Even worse, is the sticker shock whenever you cash out at Costco. Today, I had 12 items in my cart which came to $171. Somehow, when looking at said contents, the total didn’t make sense. How could this be? I noticed one of the coupons didn’t take, so I headed to customer service to straighten it out and it turned out to be another trick advertising ploy. They have a habit of doing that, lumping baby wipes in with diapers to get a discount, so too their razors with shaving gel. It’s evil and designed to get you to spend $40 when you could spend $12 on some new blades and call it a day. Yes, I am talking about you, Venus Embrace. So I returned it, I won’t be talked into this bulk shaving gel, not when I just bought 14 bars of Dove. You choose your battles at Costco.

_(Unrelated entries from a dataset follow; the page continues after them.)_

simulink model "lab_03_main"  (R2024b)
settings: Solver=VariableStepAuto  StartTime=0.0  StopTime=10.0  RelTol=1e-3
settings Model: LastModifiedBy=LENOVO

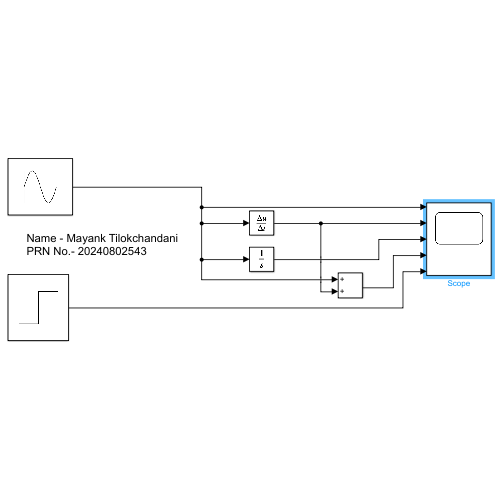
[thumbnail: Simulink's stored preview of the top-level diagram]
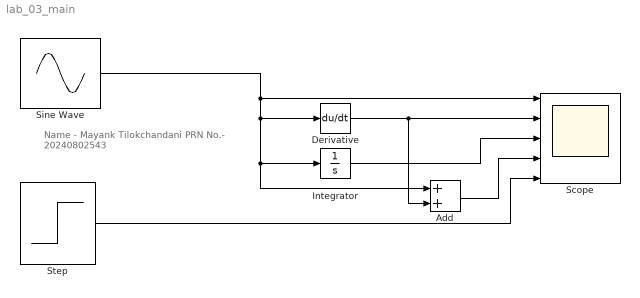
== system lab_03_main ==
  note: Name - Mayank Tilokchandani
      | PRN No.- 20240802543
  Add : Sum
  Derivative : Derivative
  Integrator : Integrator
  Scope : Scope  NumInputPorts=5
  Sine Wave : Sin  SampleTime=0
  Step : Step  SampleTime=0
  wires:
  Add/1 -> Scope/4
  Derivative/1 -> Scope/2, Add/2
  Sine Wave/1 -> Derivative/1, Add/1, Integrator/1, Scope/1
  Integrator/1 -> Scope/3
  Step/1 -> Scope/5
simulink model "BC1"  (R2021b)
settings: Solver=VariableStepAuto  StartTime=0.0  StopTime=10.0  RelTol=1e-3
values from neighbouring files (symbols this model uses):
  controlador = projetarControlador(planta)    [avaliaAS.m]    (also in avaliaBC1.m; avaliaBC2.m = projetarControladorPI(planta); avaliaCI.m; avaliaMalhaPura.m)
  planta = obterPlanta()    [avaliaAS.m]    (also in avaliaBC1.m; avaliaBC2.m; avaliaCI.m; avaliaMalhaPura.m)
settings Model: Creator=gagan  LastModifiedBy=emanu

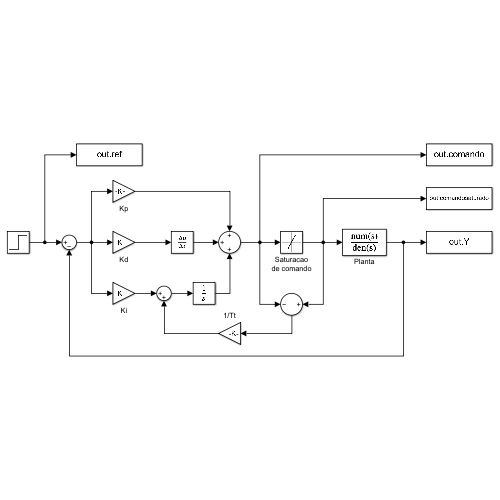
[thumbnail: Simulink's stored preview of the top-level diagram]
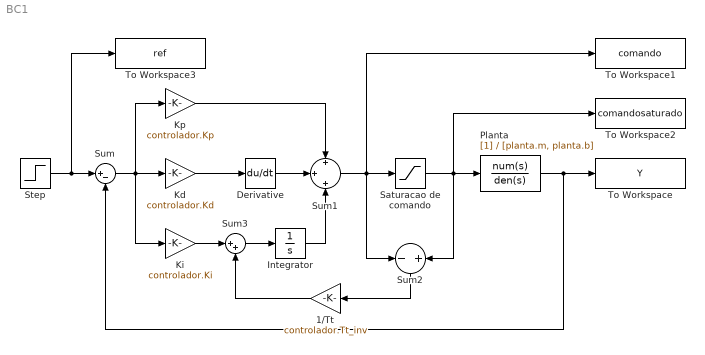
== system BC1 ==
  1/Tt : Gain  Gain=controlador.Tt_inv
  Derivative : Derivative
  Integrator : Integrator
  Kd : Gain  Gain=controlador.Kd
  Ki : Gain  Gain=controlador.Ki
  Kp : Gain  Gain=controlador.Kp
  Planta : TransferFcn  Denominator=[planta.m, planta.b]  ParameterTunability=Optimized
  Saturacao de comando : Saturate  UpperLimit=planta.comandoNominal  LowerLimit=-planta.comandoNominal
  Step : Step  SampleTime=0
  Sum : Sum  Inputs=|+-
  Sum1 : Sum  Inputs=+|+|+
  Sum2 : Sum  Inputs=-|+  OutDataTypeStr=Inherit: Keep LSB
  Sum3 : Sum  Inputs=|++
  To Workspace : ToWorkspace  VariableName=Y  SaveFormat=Structure With Time  SampleTime=-1
  To Workspace1 : ToWorkspace  VariableName=comando  SaveFormat=Structure With Time  SampleTime=-1
  To Workspace2 : ToWorkspace  VariableName=comandosaturado  SaveFormat=Structure With Time  SampleTime=-1
  To Workspace3 : ToWorkspace  VariableName=ref  SaveFormat=Structure With Time  SampleTime=-1
  wires:
  Sum/1 -> Ki/1, Kd/1, Kp/1
  Kp/1 -> Sum1/1
  Sum1/1 -> Saturacao de comando/1, To Workspace1/1, Sum2/1
  Saturacao de comando/1 -> To Workspace2/1, Sum2/2, Planta/1
  Planta/1 -> To Workspace/1, Sum/2
  Kd/1 -> Derivative/1
  Derivative/1 -> Sum1/2
  Integrator/1 -> Sum1/3
  Ki/1 -> Sum3/1
  Sum3/1 -> Integrator/1
  1/Tt/1 -> Sum3/2
  Sum2/1 -> 1/Tt/1
  Step/1 -> To Workspace3/1, Sum/1

For my parents, a trip to Costco is a delight, complete with footlong hotdogs and churros. It’s like an amusement park for the Seniors. They are the last generation to know the value of a dollar and how to save, so surely they are doing something right. I on the other hand, just bought 14 pork chops which will take me months to go through, unless everyone I know comes over for dinner. For me, a trip to Costco is like a glimpse into hell, and it sends me back to the neighborhood market every time. Maybe it’s because I don’t stop for the churro.